-- What the task asks --
For the entries below, the result should be an exact transcription of the lines from the one with "State-Transition Diagram/5(T1) ->" up to and including the one with "State-Transition Diagram/1(stop) ->", and only those.

○ ○ ○ ○ ○ ○ ○

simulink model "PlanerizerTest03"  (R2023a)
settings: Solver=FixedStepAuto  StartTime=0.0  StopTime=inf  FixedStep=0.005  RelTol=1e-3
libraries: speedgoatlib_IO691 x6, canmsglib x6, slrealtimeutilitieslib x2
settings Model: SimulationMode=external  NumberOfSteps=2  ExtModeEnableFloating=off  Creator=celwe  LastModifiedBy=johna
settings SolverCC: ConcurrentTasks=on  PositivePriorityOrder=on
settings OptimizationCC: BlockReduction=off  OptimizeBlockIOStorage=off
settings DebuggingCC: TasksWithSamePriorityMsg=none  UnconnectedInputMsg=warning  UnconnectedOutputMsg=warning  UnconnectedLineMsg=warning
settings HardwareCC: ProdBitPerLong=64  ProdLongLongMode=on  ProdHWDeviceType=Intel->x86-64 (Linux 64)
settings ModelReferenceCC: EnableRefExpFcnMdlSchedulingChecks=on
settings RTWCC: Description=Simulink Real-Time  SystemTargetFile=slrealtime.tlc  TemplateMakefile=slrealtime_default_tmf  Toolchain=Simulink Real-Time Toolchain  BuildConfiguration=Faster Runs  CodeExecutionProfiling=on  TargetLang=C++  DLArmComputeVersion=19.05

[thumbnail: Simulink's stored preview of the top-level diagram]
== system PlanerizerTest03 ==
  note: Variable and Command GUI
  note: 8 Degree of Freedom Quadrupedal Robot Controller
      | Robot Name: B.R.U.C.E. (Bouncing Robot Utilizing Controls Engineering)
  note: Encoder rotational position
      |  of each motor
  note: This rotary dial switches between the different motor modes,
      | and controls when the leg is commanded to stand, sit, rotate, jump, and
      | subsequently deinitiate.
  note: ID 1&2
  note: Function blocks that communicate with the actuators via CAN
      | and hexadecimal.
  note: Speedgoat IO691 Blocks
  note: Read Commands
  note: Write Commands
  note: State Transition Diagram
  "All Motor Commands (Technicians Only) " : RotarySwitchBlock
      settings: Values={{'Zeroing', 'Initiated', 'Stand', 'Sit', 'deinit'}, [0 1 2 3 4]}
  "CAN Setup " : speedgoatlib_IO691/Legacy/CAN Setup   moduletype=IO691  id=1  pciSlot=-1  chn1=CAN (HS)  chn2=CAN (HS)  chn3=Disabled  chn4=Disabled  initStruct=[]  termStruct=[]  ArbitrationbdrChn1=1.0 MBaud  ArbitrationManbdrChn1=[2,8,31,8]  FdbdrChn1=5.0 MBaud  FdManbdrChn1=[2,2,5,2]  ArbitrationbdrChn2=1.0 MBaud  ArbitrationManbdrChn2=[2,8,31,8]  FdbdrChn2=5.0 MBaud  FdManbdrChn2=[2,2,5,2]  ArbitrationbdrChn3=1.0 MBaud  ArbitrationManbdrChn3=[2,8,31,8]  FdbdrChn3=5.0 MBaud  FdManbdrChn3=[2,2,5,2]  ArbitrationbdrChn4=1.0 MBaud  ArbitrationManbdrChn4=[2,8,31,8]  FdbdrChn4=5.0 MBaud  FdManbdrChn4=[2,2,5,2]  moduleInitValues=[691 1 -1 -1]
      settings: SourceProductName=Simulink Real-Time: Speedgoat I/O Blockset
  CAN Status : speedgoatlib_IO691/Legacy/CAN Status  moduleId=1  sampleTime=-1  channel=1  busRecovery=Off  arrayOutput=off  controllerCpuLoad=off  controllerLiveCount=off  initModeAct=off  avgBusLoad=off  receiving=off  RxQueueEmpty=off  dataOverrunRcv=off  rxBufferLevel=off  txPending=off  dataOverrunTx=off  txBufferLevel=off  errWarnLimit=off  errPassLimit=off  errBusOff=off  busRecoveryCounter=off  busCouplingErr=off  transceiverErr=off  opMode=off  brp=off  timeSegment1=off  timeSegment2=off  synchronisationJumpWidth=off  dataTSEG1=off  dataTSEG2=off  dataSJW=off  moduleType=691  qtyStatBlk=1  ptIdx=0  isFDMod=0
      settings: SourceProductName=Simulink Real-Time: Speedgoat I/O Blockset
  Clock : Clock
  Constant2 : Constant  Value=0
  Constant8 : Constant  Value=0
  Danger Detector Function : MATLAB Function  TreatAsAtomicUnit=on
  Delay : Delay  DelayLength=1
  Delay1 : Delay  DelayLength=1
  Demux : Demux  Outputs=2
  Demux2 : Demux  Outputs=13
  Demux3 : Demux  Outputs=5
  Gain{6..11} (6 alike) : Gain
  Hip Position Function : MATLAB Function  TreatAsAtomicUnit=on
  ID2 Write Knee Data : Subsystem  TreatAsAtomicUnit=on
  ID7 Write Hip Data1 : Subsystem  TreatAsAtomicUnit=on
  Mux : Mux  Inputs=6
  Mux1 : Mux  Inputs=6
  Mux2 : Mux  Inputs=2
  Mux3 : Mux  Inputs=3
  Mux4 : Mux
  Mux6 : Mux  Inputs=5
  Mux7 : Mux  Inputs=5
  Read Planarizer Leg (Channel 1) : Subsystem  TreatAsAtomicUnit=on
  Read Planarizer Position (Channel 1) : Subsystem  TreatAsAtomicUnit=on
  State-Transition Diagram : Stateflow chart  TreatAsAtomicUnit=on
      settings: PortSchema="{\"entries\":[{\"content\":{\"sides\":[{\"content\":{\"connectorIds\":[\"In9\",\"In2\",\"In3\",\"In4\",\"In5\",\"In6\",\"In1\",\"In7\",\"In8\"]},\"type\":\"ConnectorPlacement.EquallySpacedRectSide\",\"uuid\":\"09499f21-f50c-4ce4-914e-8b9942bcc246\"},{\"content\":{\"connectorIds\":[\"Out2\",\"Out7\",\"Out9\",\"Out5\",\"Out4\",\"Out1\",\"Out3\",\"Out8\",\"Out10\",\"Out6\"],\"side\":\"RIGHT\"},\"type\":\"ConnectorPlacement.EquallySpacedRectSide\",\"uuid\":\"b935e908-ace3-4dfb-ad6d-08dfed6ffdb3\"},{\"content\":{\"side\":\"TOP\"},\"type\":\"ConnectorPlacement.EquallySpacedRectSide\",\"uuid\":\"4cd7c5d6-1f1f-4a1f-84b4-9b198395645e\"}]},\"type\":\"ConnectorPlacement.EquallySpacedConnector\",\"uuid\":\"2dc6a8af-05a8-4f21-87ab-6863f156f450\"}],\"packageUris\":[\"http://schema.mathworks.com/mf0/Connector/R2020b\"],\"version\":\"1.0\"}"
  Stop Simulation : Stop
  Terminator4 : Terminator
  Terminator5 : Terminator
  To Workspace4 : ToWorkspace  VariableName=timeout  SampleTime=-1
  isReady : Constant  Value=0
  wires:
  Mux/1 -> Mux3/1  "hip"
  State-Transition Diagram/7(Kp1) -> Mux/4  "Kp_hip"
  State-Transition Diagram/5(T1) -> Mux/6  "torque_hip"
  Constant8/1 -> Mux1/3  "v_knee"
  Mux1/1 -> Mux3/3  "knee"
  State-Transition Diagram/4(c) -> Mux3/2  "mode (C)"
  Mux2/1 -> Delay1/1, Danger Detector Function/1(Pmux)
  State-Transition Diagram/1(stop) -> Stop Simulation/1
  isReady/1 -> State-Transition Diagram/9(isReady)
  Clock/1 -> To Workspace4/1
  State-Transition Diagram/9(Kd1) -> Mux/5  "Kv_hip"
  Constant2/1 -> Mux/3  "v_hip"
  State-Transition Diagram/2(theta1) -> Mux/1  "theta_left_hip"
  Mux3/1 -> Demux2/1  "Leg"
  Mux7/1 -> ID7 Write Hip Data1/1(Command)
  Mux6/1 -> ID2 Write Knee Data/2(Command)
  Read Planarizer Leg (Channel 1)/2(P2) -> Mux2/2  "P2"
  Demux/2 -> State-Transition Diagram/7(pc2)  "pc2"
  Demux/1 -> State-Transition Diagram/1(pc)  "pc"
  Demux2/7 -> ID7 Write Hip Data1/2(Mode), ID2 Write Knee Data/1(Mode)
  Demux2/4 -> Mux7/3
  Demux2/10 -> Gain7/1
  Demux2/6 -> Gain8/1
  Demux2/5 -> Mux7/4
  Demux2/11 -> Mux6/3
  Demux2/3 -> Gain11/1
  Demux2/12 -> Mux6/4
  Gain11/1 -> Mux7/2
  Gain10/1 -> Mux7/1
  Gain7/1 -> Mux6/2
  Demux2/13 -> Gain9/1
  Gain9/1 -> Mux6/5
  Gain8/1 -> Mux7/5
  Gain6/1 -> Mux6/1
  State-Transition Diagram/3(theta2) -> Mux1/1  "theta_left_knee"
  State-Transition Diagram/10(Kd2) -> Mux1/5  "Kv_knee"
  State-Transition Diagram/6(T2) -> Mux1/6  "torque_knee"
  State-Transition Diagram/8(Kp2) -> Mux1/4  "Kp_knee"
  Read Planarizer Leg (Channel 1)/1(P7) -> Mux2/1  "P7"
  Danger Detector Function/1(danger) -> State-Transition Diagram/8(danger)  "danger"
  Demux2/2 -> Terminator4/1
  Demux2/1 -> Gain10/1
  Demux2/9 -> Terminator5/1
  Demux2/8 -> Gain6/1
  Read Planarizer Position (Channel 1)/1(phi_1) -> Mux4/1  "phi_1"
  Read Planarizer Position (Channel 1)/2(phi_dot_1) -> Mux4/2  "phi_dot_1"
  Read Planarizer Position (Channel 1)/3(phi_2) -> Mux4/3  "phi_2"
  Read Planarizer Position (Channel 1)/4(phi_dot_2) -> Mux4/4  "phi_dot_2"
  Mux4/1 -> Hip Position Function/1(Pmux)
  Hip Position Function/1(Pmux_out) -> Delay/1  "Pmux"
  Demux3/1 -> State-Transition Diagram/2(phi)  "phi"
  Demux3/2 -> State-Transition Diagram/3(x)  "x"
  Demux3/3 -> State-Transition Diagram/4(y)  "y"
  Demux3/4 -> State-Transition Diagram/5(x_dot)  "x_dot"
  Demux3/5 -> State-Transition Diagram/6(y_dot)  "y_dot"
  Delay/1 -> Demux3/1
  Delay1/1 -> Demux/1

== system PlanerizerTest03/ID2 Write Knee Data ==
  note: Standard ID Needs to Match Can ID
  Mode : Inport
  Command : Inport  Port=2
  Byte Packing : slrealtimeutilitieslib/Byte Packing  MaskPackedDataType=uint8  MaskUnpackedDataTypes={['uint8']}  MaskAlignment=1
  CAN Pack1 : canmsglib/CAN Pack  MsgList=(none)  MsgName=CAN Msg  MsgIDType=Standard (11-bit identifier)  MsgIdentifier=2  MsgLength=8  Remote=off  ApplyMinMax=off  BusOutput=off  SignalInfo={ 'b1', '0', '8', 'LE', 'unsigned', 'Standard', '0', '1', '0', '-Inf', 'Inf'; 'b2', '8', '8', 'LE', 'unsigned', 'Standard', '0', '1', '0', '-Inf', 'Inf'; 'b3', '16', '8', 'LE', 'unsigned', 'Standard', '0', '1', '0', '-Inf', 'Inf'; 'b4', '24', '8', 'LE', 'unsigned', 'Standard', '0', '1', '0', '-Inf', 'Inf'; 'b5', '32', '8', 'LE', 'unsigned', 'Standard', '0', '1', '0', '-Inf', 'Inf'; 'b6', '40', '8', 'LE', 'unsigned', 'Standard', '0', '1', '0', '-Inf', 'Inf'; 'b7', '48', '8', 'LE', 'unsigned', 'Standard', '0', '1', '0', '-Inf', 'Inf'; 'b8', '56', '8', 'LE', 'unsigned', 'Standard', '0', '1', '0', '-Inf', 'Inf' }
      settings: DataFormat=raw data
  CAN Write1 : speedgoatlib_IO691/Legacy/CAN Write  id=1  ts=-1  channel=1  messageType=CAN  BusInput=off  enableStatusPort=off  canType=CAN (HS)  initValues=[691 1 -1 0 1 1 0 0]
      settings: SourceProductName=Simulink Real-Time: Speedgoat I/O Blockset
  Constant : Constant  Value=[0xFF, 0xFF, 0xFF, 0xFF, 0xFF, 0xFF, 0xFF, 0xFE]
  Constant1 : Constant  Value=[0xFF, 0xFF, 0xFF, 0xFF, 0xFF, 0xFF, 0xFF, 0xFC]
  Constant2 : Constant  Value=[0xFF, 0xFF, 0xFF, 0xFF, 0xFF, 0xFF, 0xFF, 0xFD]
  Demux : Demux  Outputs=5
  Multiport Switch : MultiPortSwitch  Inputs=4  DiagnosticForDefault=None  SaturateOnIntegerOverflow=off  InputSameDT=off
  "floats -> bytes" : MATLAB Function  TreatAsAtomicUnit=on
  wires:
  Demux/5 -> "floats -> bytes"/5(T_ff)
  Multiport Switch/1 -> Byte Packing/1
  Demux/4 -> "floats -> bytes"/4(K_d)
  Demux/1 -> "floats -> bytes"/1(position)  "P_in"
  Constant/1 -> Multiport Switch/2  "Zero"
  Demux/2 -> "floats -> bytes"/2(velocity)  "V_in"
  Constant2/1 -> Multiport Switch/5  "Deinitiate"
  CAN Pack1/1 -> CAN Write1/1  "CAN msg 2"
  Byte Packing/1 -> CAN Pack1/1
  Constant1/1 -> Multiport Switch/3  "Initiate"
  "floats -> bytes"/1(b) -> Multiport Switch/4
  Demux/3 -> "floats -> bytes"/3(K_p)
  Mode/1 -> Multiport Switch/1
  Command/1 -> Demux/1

○ ○ ○ ○ ○ ○ ○

-- Answer area --
  State-Transition Diagram/5(T1) -> Mux/6  "torque_hip"
  Constant8/1 -> Mux1/3  "v_knee"
  Mux1/1 -> Mux3/3  "knee"
  State-Transition Diagram/4(c) -> Mux3/2  "mode (C)"
  Mux2/1 -> Delay1/1, Danger Detector Function/1(Pmux)
  State-Transition Diagram/1(stop) -> Stop Simulation/1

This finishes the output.